> **Work item**
Below is some data. Retype exactly the lines starting at the one with "TEXTING$0$_ArchTick', (1206347.3, -5700846.5), dxfattribs=at)" and ending at the one with "(1206655.3, -5700504.3), dxfattribs=at)".
[[ Dataset content open ]]
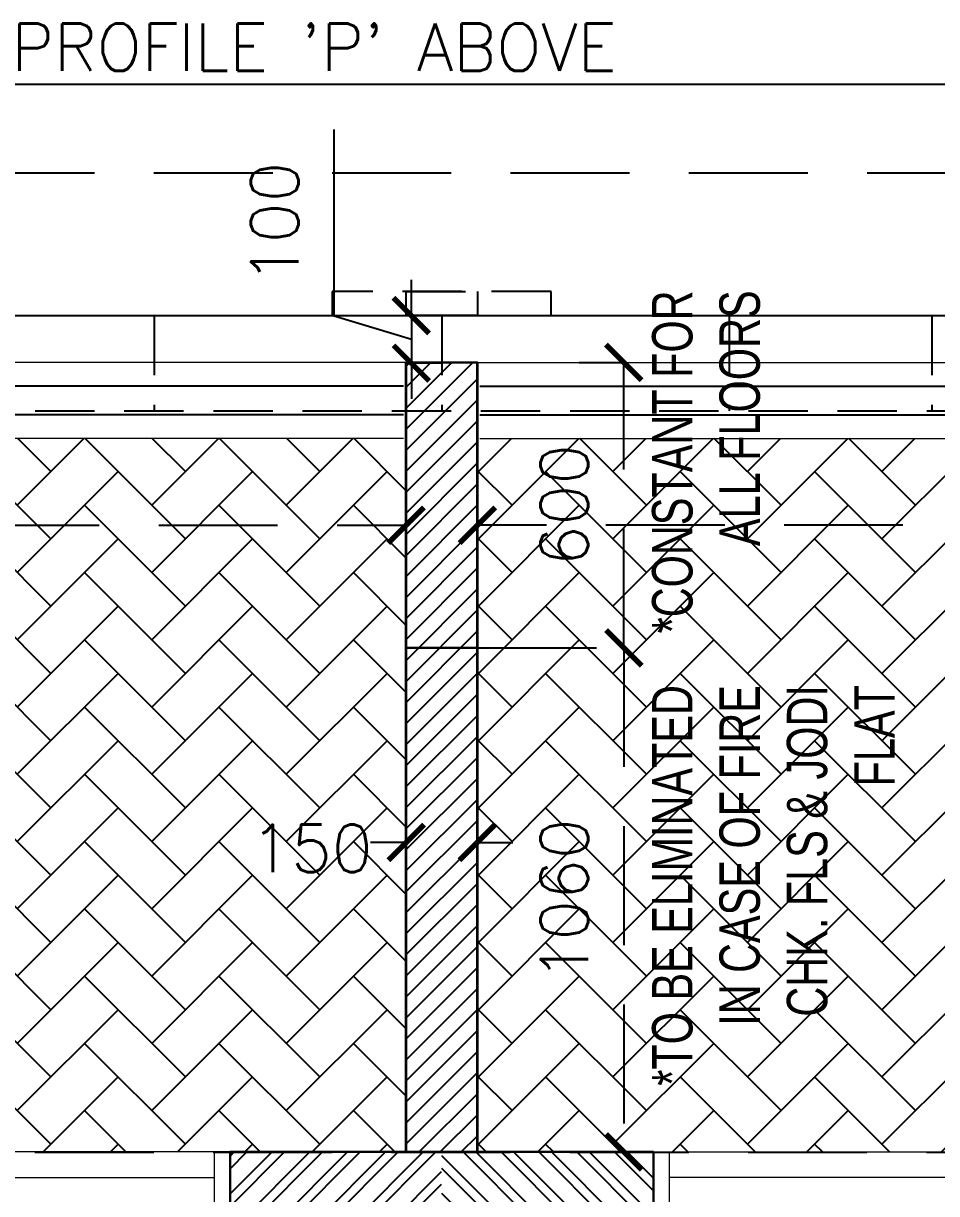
# Model space of a CAD drawing. Header units: millimetres. Extents: x 1167879 to 1231451, y -5731814 to -5645217.
# Drawn here: x 1205393 to 1207313, y -5702252 to -5699791 of the extents above; entities that cross this region are included whole.
import ezdxf

# ---------------------------------------------------------------- set-up
doc = ezdxf.new("R2010")
doc.units = ezdxf.units.MM
doc.header["$LTSCALE"] = 1000
doc.header["$MEASUREMENT"] = 0
for name, pattern in [('$2$AUDIT_D_120904163729-0', [0]), ('$5$HIDDEN', [0.375, 0.25, -0.125]), ('$7$HIDDEN', [0.375, 0.25, -0.125]), ('2BHK-A - BACK$0$AUDIT_D_120904163729-0', [0]), ('AUDIT_D_120904163729-0', [0]), ('HIDDEN', [0.375, 0.25, -0.125]), ('T8(T9 IS SIMILAR) - DIMENSION & TEXTING$0$HIDDEN', [0.375, 0.25, -0.125]), ('T8(T9 IS SIMILAR) - TYPICAL FLOOR ELEVATION$0$AUDIT_D_120904163729-0', [0]), ('T8(T9 IS SIMILAR) - TYPICAL FLOOR ELEVATION$0$HIDDEN', [0.375, 0.25, -0.125]), ('T8(T9 IS SIMILAR)$0$$0$HIDDEN', [0.375, 0.25, -0.125])]:
    doc.linetypes.add(name, pattern=pattern)
doc.layers.get('0').update_dxf_attribs({"linetype": 'AUDIT_D_120904163729-0'})
for name, color, linetype in [('$1$A-DIM', 1, '$2$AUDIT_D_120904163729-0'), ('2BHK-A - BACK$0$A-DECK SUNK 125', 8, 'Continuous'), ('2BHK-A - BACK$0$A-HATCH -160', 251, '2BHK-A - BACK$0$AUDIT_D_120904163729-0'), ('2BHK-A - BACK$0$ELE 1', 1, 'Continuous'), ('A-WALL-FEATURES', 110, 'AUDIT_D_120904163729-0'), ('T8(T9 IS SIMILAR) - DIMENSION & TEXTING$0$A-DIMENSIONS', 2, 'T8(T9 IS SIMILAR) - DIMENSION & TEXTING$0$HIDDEN'), ('T8(T9 IS SIMILAR) - TYPICAL FLOOR ELEVATION$0$A-DIM', 1, 'T8(T9 IS SIMILAR) - TYPICAL FLOOR ELEVATION$0$AUDIT_D_120904163729-0'), ('T8(T9 IS SIMILAR) - TYPICAL FLOOR ELEVATION$0$A-WALL-FEATURES', 6, 'T8(T9 IS SIMILAR) - TYPICAL FLOOR ELEVATION$0$AUDIT_D_120904163729-0'), ('T8(T9 IS SIMILAR)$0$$6$a-beam 2', 50, 'Continuous'), ('T8(T9 IS SIMILAR)$0$S-BEAM', 20, 'T8(T9 IS SIMILAR)$0$$0$HIDDEN')]:
    doc.layers.add(name, color=color, linetype=linetype)
for name, color, linetype, lineweight in [('2BHK-A - BACK$0$A-WALL- 160', 6, 'Continuous', 30), ('2BHK-A - BACK$0$Ele', 8, 'Continuous', 15), ('2BHK-A - BACK$0$Window', 4, 'Continuous', 20), ('T8(T9 IS SIMILAR) - DIMENSION & TEXTING$0$R0-18-10-2014-T1-1st Podium Floor Plan$0$Text', 2, 'Continuous', 0), ('T8(T9 IS SIMILAR)$0$D&W', 8, 'Continuous', 25)]:
    doc.layers.add(name, color=color, linetype=linetype, lineweight=lineweight)
doc.styles.add('$6$Romans 1', font='romans.shx', dxfattribs={"height": 100})
doc.styles.add('T8(T9 IS SIMILAR) - DIMENSION & TEXTING$0$ARIAL ARROW', font='swisscl.ttf')
doc.styles.add('T8(T9 IS SIMILAR) - DIMENSION & TEXTING$0$Romans 1', font='romans.shx', dxfattribs={"height": 100})
doc.styles.add('T8(T9 IS SIMILAR) - TYPICAL FLOOR ELEVATION$0$Romans 1', font='romans.shx', dxfattribs={"height": 100})
doc.dimstyles.new('$2$ALPINE S', dxfattribs={"dimscale": 0, "dimtxt": 100, "dimasz": 75, "dimexe": 0, "dimexo": 0, "dimgap": 75, "dimtad": 1, "dimdec": 0, "dimzin": 0, "dimdsep": 46, "dimtxsty": '$6$Romans 1', "dimblk": '$6$_ArchTick', "dimcen": 0.09, "dimclrd": 256, "dimclre": 256, "dimclrt": 7, "dimadec": 0, "dimazin": 0, "dimtfac": 1, "dimtdec": 0, "dimtofl": 0, "dimtmove": 1, "dimatfit": 0, "dimldrblk": '$2$_Open90', "dimfxl": 1, "dimtolj": 1, "dimtzin": 0, "dimarcsym": 0})
doc.dimstyles.new('T8(T9 IS SIMILAR) - DIMENSION & TEXTING$0$ALPINE S', dxfattribs={"dimscale": 0, "dimtxt": 100, "dimasz": 75, "dimexe": 0, "dimexo": 0, "dimgap": 75, "dimtad": 1, "dimdec": 0, "dimzin": 0, "dimdsep": 46, "dimtxsty": 'T8(T9 IS SIMILAR) - DIMENSION & TEXTING$0$Romans 1', "dimblk": 'T8(T9 IS SIMILAR) - DIMENSION & TEXTING$0$_ArchTick', "dimcen": 0.09, "dimclrd": 256, "dimclre": 256, "dimclrt": 7, "dimadec": 0, "dimazin": 0, "dimtfac": 1, "dimtdec": 0, "dimtofl": 0, "dimtmove": 1, "dimatfit": 0, "dimldrblk": 'T8(T9 IS SIMILAR) - DIMENSION & TEXTING$0$_Open90', "dimfxl": 1, "dimtolj": 1, "dimtzin": 0, "dimarcsym": 0})
doc.dimstyles.new('T8(T9 IS SIMILAR) - TYPICAL FLOOR ELEVATION$0$ALPINE S', dxfattribs={"dimscale": 0, "dimtxt": 100, "dimasz": 75, "dimexe": 0, "dimexo": 0, "dimgap": 75, "dimtad": 1, "dimdec": 0, "dimzin": 0, "dimdsep": 46, "dimtxsty": 'T8(T9 IS SIMILAR) - TYPICAL FLOOR ELEVATION$0$Romans 1', "dimblk": 'T8(T9 IS SIMILAR) - TYPICAL FLOOR ELEVATION$0$_ArchTick', "dimcen": 0.09, "dimclrd": 256, "dimclre": 256, "dimclrt": 7, "dimadec": 0, "dimazin": 0, "dimtfac": 1, "dimtdec": 0, "dimtofl": 0, "dimtmove": 1, "dimatfit": 0, "dimldrblk": 'T8(T9 IS SIMILAR) - TYPICAL FLOOR ELEVATION$0$_Open90', "dimfxl": 1, "dimtolj": 1, "dimtzin": 0, "dimarcsym": 0})

# ---------------------------------------------------------------- blocks, each defined once
blk = doc.blocks.new('T8(T9 IS SIMILAR) - DIMENSION & TEXTING$0$_ArchTick')
at = {"color": 0, "linetype": 'ByBlock', "const_width": 0.15}
blk.add_lwpolyline([(-0.5, -0.5), (0.5, 0.5)], dxfattribs=at)
blk = doc.blocks.new('*D510')
at = {"layer": 'T8(T9 IS SIMILAR) - DIMENSION & TEXTING$0$A-DIMENSIONS', "linetype": 'T8(T9 IS SIMILAR) - DIMENSION & TEXTING$0$HIDDEN', "lineweight": -2, "transparency": 16777216}
for p, q in [((1203427.3, -5700900.8), (1203427.3, -5700846.5)), ((1206197.3, -5700900.8), (1206197.3, -5700846.5))]:
    blk.add_line(p, q, dxfattribs=at)
at = {"layer": 'T8(T9 IS SIMILAR) - DIMENSION & TEXTING$0$A-DIMENSIONS', "lineweight": -2, "transparency": 16777216}
blk.add_line((1203427.3, -5700846.5), (1206197.3, -5700846.5), dxfattribs=at)
at = {"layer": 'T8(T9 IS SIMILAR) - DIMENSION & TEXTING$0$A-DIMENSIONS', "linetype": 'ByBlock', "lineweight": -2, "transparency": 16777216, "xscale": 75, "yscale": 75, "zscale": 75, "rotation": 180}
blk.add_blockref('T8(T9 IS SIMILAR) - DIMENSION & TEXTING$0$_ArchTick', (1203427.3, -5700846.5), dxfattribs=at)
at = {"layer": 'T8(T9 IS SIMILAR) - DIMENSION & TEXTING$0$A-DIMENSIONS', "linetype": 'ByBlock', "lineweight": -2, "transparency": 16777216, "xscale": 75, "yscale": 75, "zscale": 75}
blk.add_blockref('T8(T9 IS SIMILAR) - DIMENSION & TEXTING$0$_ArchTick', (1206197.3, -5700846.5), dxfattribs=at)
at = {"layer": 'T8(T9 IS SIMILAR) - DIMENSION & TEXTING$0$A-DIMENSIONS', "color": 7, "linetype": 'ByBlock', "transparency": 16777216, "insert": (1204812.3, -5700721.5), "char_height": 100, "attachment_point": 5, "style": 'T8(T9 IS SIMILAR) - DIMENSION & TEXTING$0$Romans 1'}
blk.add_mtext('\\A1;2770', dxfattribs=at)
blk = doc.blocks.new('T8(T9 IS SIMILAR) - DIMENSION & TEXTING$0$_Open90')
at = {"color": 0, "linetype": 'ByBlock', "lineweight": -2}
for p, q in [((-0.5, 0.5), (0, 0)), ((0, 0), (-1, 0)), ((0, 0), (-0.5, -0.5))]:
    blk.add_line(p, q, dxfattribs=at)
blk = doc.blocks.new('*D427')
at = {"layer": 'T8(T9 IS SIMILAR) - DIMENSION & TEXTING$0$A-DIMENSIONS', "linetype": 'T8(T9 IS SIMILAR) - DIMENSION & TEXTING$0$HIDDEN', "lineweight": -2, "transparency": 16777216}
for p, q in [((1206347.3, -5700900.8), (1206347.3, -5700846.5)), ((1209117.3, -5700900.8), (1209117.3, -5700846.5))]:
    blk.add_line(p, q, dxfattribs=at)
at = {"layer": 'T8(T9 IS SIMILAR) - DIMENSION & TEXTING$0$A-DIMENSIONS', "lineweight": -2, "transparency": 16777216}
blk.add_line((1209117.3, -5700846.5), (1206347.3, -5700846.5), dxfattribs=at)
at = {"layer": 'T8(T9 IS SIMILAR) - DIMENSION & TEXTING$0$A-DIMENSIONS', "linetype": 'ByBlock', "lineweight": -2, "transparency": 16777216, "xscale": 75, "yscale": 75, "zscale": 75, "rotation": 180}
blk.add_blockref('T8(T9 IS SIMILAR) - DIMENSION & TEXTING$0$_ArchTick', (1206347.3, -5700846.5), dxfattribs=at)
at = {"layer": 'T8(T9 IS SIMILAR) - DIMENSION & TEXTING$0$A-DIMENSIONS', "linetype": 'ByBlock', "lineweight": -2, "transparency": 16777216, "xscale": 75, "yscale": 75, "zscale": 75}
blk.add_blockref('T8(T9 IS SIMILAR) - DIMENSION & TEXTING$0$_ArchTick', (1209117.3, -5700846.5), dxfattribs=at)
at = {"layer": 'T8(T9 IS SIMILAR) - DIMENSION & TEXTING$0$A-DIMENSIONS', "color": 7, "linetype": 'ByBlock', "transparency": 16777216, "insert": (1207732.3, -5700721.5), "char_height": 100, "attachment_point": 5, "style": 'T8(T9 IS SIMILAR) - DIMENSION & TEXTING$0$Romans 1'}
blk.add_mtext('\\A1;2770', dxfattribs=at)
blk = doc.blocks.new('*D176')
at = {"layer": 'T8(T9 IS SIMILAR) - DIMENSION & TEXTING$0$A-DIMENSIONS', "linetype": 'T8(T9 IS SIMILAR) - DIMENSION & TEXTING$0$HIDDEN', "lineweight": -2, "transparency": 16777216}
for p, q in [((1206561.5, -5700504.3), (1206655.3, -5700504.3)), ((1206347.5, -5701104.3), (1206655.3, -5701104.3))]:
    blk.add_line(p, q, dxfattribs=at)
at = {"layer": 'T8(T9 IS SIMILAR) - DIMENSION & TEXTING$0$A-DIMENSIONS', "lineweight": -2, "transparency": 16777216}
blk.add_line((1206655.3, -5701104.3), (1206655.3, -5700504.3), dxfattribs=at)
at = {"layer": 'T8(T9 IS SIMILAR) - DIMENSION & TEXTING$0$A-DIMENSIONS', "linetype": 'ByBlock', "lineweight": -2, "transparency": 16777216, "xscale": 75, "yscale": 75, "zscale": 75}
for p, rotation in [((1206655.3, -5700504.3), 90), ((1206655.3, -5701104.3), 270)]:
    blk.add_blockref('T8(T9 IS SIMILAR) - DIMENSION & TEXTING$0$_ArchTick', p, dxfattribs=dict(at, rotation=rotation))
at = {"layer": 'T8(T9 IS SIMILAR) - DIMENSION & TEXTING$0$A-DIMENSIONS', "color": 7, "linetype": 'ByBlock', "transparency": 16777216, "insert": (1206530.3, -5700804.3), "char_height": 100, "attachment_point": 5, "rotation": 90, "style": 'T8(T9 IS SIMILAR) - DIMENSION & TEXTING$0$Romans 1'}
blk.add_mtext('\\A1;600', dxfattribs=at)
blk = doc.blocks.new('*D177')
at = {"layer": 'T8(T9 IS SIMILAR) - DIMENSION & TEXTING$0$A-DIMENSIONS', "linetype": 'T8(T9 IS SIMILAR) - DIMENSION & TEXTING$0$HIDDEN', "lineweight": -2, "transparency": 16777216}
for p, q in [((1206347.5, -5701104.3), (1206655.3, -5701104.3)), ((1206347.1, -5702164.3), (1206655.3, -5702164.3))]:
    blk.add_line(p, q, dxfattribs=at)
at = {"layer": 'T8(T9 IS SIMILAR) - DIMENSION & TEXTING$0$A-DIMENSIONS', "lineweight": -2, "transparency": 16777216}
blk.add_line((1206655.3, -5701104.3), (1206655.3, -5702164.3), dxfattribs=at)
at = {"layer": 'T8(T9 IS SIMILAR) - DIMENSION & TEXTING$0$A-DIMENSIONS', "linetype": 'ByBlock', "lineweight": -2, "transparency": 16777216, "xscale": 75, "yscale": 75, "zscale": 75}
for p, rotation in [((1206655.3, -5701104.3), 90), ((1206655.3, -5702164.3), 270)]:
    blk.add_blockref('T8(T9 IS SIMILAR) - DIMENSION & TEXTING$0$_ArchTick', p, dxfattribs=dict(at, rotation=rotation))
at = {"layer": 'T8(T9 IS SIMILAR) - DIMENSION & TEXTING$0$A-DIMENSIONS', "color": 7, "linetype": 'ByBlock', "transparency": 16777216, "insert": (1206530.3, -5701634.3), "char_height": 100, "attachment_point": 5, "rotation": 90, "style": 'T8(T9 IS SIMILAR) - DIMENSION & TEXTING$0$Romans 1'}
blk.add_mtext('\\A1;1060', dxfattribs=at)
blk = doc.blocks.new('*D178')
at = {"layer": 'T8(T9 IS SIMILAR) - DIMENSION & TEXTING$0$A-DIMENSIONS', "linetype": 'T8(T9 IS SIMILAR) - DIMENSION & TEXTING$0$HIDDEN', "lineweight": -2, "transparency": 16777216}
for p, q in [((1206197.5, -5701334.3), (1206197.5, -5701513.5)), ((1206347.1, -5701334.3), (1206347.1, -5701513.5))]:
    blk.add_line(p, q, dxfattribs=at)
at = {"layer": 'T8(T9 IS SIMILAR) - DIMENSION & TEXTING$0$A-DIMENSIONS', "lineweight": -2, "transparency": 16777216}
for p, q in [((1206197.5, -5701513.5), (1206122.5, -5701513.5)), ((1206347.1, -5701513.5), (1206422.1, -5701513.5))]:
    blk.add_line(p, q, dxfattribs=at)
at = {"layer": 'T8(T9 IS SIMILAR) - DIMENSION & TEXTING$0$A-DIMENSIONS', "linetype": 'ByBlock', "lineweight": -2, "transparency": 16777216, "xscale": 75, "yscale": 75, "zscale": 75}
blk.add_blockref('T8(T9 IS SIMILAR) - DIMENSION & TEXTING$0$_ArchTick', (1206197.5, -5701513.5), dxfattribs=at)
at = {"layer": 'T8(T9 IS SIMILAR) - DIMENSION & TEXTING$0$A-DIMENSIONS', "linetype": 'ByBlock', "lineweight": -2, "transparency": 16777216, "xscale": 75, "yscale": 75, "zscale": 75, "rotation": 180}
blk.add_blockref('T8(T9 IS SIMILAR) - DIMENSION & TEXTING$0$_ArchTick', (1206347.1, -5701513.5), dxfattribs=at)
at = {"layer": 'T8(T9 IS SIMILAR) - DIMENSION & TEXTING$0$A-DIMENSIONS', "color": 7, "linetype": 'ByBlock', "transparency": 16777216, "insert": (1205998.3, -5701526), "char_height": 100, "attachment_point": 5, "style": 'T8(T9 IS SIMILAR) - DIMENSION & TEXTING$0$Romans 1'}
blk.add_mtext('\\A1;150', dxfattribs=at)
blk = doc.blocks.new('2BHK-A - BACK$0$2400')
at = {"layer": '2BHK-A - BACK$0$Window', "color": 1, "lineweight": 13}
for p, q in [((1151176.5, -5692111.9), (1148842.5, -5692111.9)), ((1149607.5, -5692111.9), (1148880, -5692111.9)), ((1149607.5, -5692165.3), (1148880, -5692165.3)), ((1150373.7, -5692165.3), (1149645, -5692165.3)), ((1150411.2, -5692165.3), (1151176.5, -5692165.3)), ((1149607.5, -5692218.6), (1148842.5, -5692218.6)), ((1150373.7, -5692218.6), (1149645, -5692218.6)), ((1151139, -5692218.6), (1150411.2, -5692218.6)), ((1150373.7, -5692271.9), (1148842.5, -5692271.9)), ((1151139, -5692271.9), (1150411.2, -5692271.9))]:
    blk.add_line(p, q, dxfattribs=at)
at = {"layer": '2BHK-A - BACK$0$Window', "color": 5, "lineweight": 13}
for p, q in [((1149607.5, -5692142.2), (1148880, -5692142.2)), ((1149607.5, -5692146.7), (1148880, -5692146.7)), ((1150373.7, -5692183.8), (1149645, -5692183.8)), ((1150373.7, -5692200), (1149645, -5692200)), ((1151139, -5692237.2), (1150411.2, -5692237.2)), ((1151139, -5692253.3), (1150411.2, -5692253.3))]:
    blk.add_line(p, q, dxfattribs=at)
at = {"layer": '2BHK-A - BACK$0$Window', "color": 4, "lineweight": 13}
for points in [[(1148842.5, -5692111.9), (1148809.5, -5692111.9), (1148809.5, -5692271.9), (1148842.5, -5692271.9)], [(1148880, -5692146.7), (1148880, -5692165.3), (1148842.5, -5692165.3), (1148842.5, -5692111.9), (1148880, -5692111.9), (1148880, -5692142.2), (1148875.5, -5692142.2), (1148875.5, -5692146.7)], [(1149607.5, -5692146.7), (1149607.5, -5692165.3), (1149645, -5692165.3), (1149645, -5692111.9), (1149607.5, -5692111.9), (1149607.5, -5692142.2), (1149612, -5692142.2), (1149612, -5692146.7)], [(1151209.5, -5692111.9), (1151176.5, -5692111.9), (1151176.5, -5692271.9), (1151209.5, -5692271.9)], [(1149645, -5692200), (1149645, -5692218.6), (1149607.5, -5692218.6), (1149607.5, -5692165.3), (1149645, -5692165.3), (1149645, -5692183.8), (1149640.5, -5692183.8), (1149640.5, -5692200)], [(1150373.7, -5692200), (1150373.7, -5692218.6), (1150411.2, -5692218.6), (1150411.2, -5692165.3), (1150373.7, -5692165.3), (1150373.7, -5692183.8), (1150378.2, -5692183.8), (1150378.2, -5692200)], [(1150411.2, -5692253.3), (1150411.2, -5692271.9), (1150373.7, -5692271.9), (1150373.7, -5692218.6), (1150411.2, -5692218.6), (1150411.2, -5692237.2), (1150406.7, -5692237.2), (1150406.7, -5692253.3)], [(1151139, -5692253.3), (1151139, -5692271.9), (1151176.5, -5692271.9), (1151176.5, -5692218.6), (1151139, -5692218.6), (1151139, -5692237.2), (1151143.5, -5692237.2), (1151143.5, -5692253.3)]]:
    blk.add_lwpolyline(points, close=True, dxfattribs=at)
blk = doc.blocks.new('2BHK-A - BACK')
at = {"layer": '2BHK-A - BACK$0$A-DECK SUNK 125'}
h = blk.add_hatch(dxfattribs=at)
h.set_pattern_fill('AR-HBONE', color=256, scale=25)
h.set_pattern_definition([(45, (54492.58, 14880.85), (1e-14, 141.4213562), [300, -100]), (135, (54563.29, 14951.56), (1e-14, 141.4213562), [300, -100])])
[[ Dataset content closed ]]
> **Solution**
blk.add_blockref('T8(T9 IS SIMILAR) - DIMENSION & TEXTING$0$_ArchTick', (1206347.3, -5700846.5), dxfattribs=at)
at = {"layer": 'T8(T9 IS SIMILAR) - DIMENSION & TEXTING$0$A-DIMENSIONS', "linetype": 'ByBlock', "lineweight": -2, "transparency": 16777216, "xscale": 75, "yscale": 75, "zscale": 75}
blk.add_blockref('T8(T9 IS SIMILAR) - DIMENSION & TEXTING$0$_ArchTick', (1209117.3, -5700846.5), dxfattribs=at)
at = {"layer": 'T8(T9 IS SIMILAR) - DIMENSION & TEXTING$0$A-DIMENSIONS', "color": 7, "linetype": 'ByBlock', "transparency": 16777216, "insert": (1207732.3, -5700721.5), "char_height": 100, "attachment_point": 5, "style": 'T8(T9 IS SIMILAR) - DIMENSION & TEXTING$0$Romans 1'}
blk.add_mtext('\\A1;2770', dxfattribs=at)
blk = doc.blocks.new('*D176')
at = {"layer": 'T8(T9 IS SIMILAR) - DIMENSION & TEXTING$0$A-DIMENSIONS', "linetype": 'T8(T9 IS SIMILAR) - DIMENSION & TEXTING$0$HIDDEN', "lineweight": -2, "transparency": 16777216}
for p, q in [((1206561.5, -5700504.3), (1206655.3, -5700504.3)), ((1206347.5, -5701104.3), (1206655.3, -5701104.3))]:
    blk.add_line(p, q, dxfattribs=at)
at = {"layer": 'T8(T9 IS SIMILAR) - DIMENSION & TEXTING$0$A-DIMENSIONS', "lineweight": -2, "transparency": 16777216}
blk.add_line((1206655.3, -5701104.3), (1206655.3, -5700504.3), dxfattribs=at)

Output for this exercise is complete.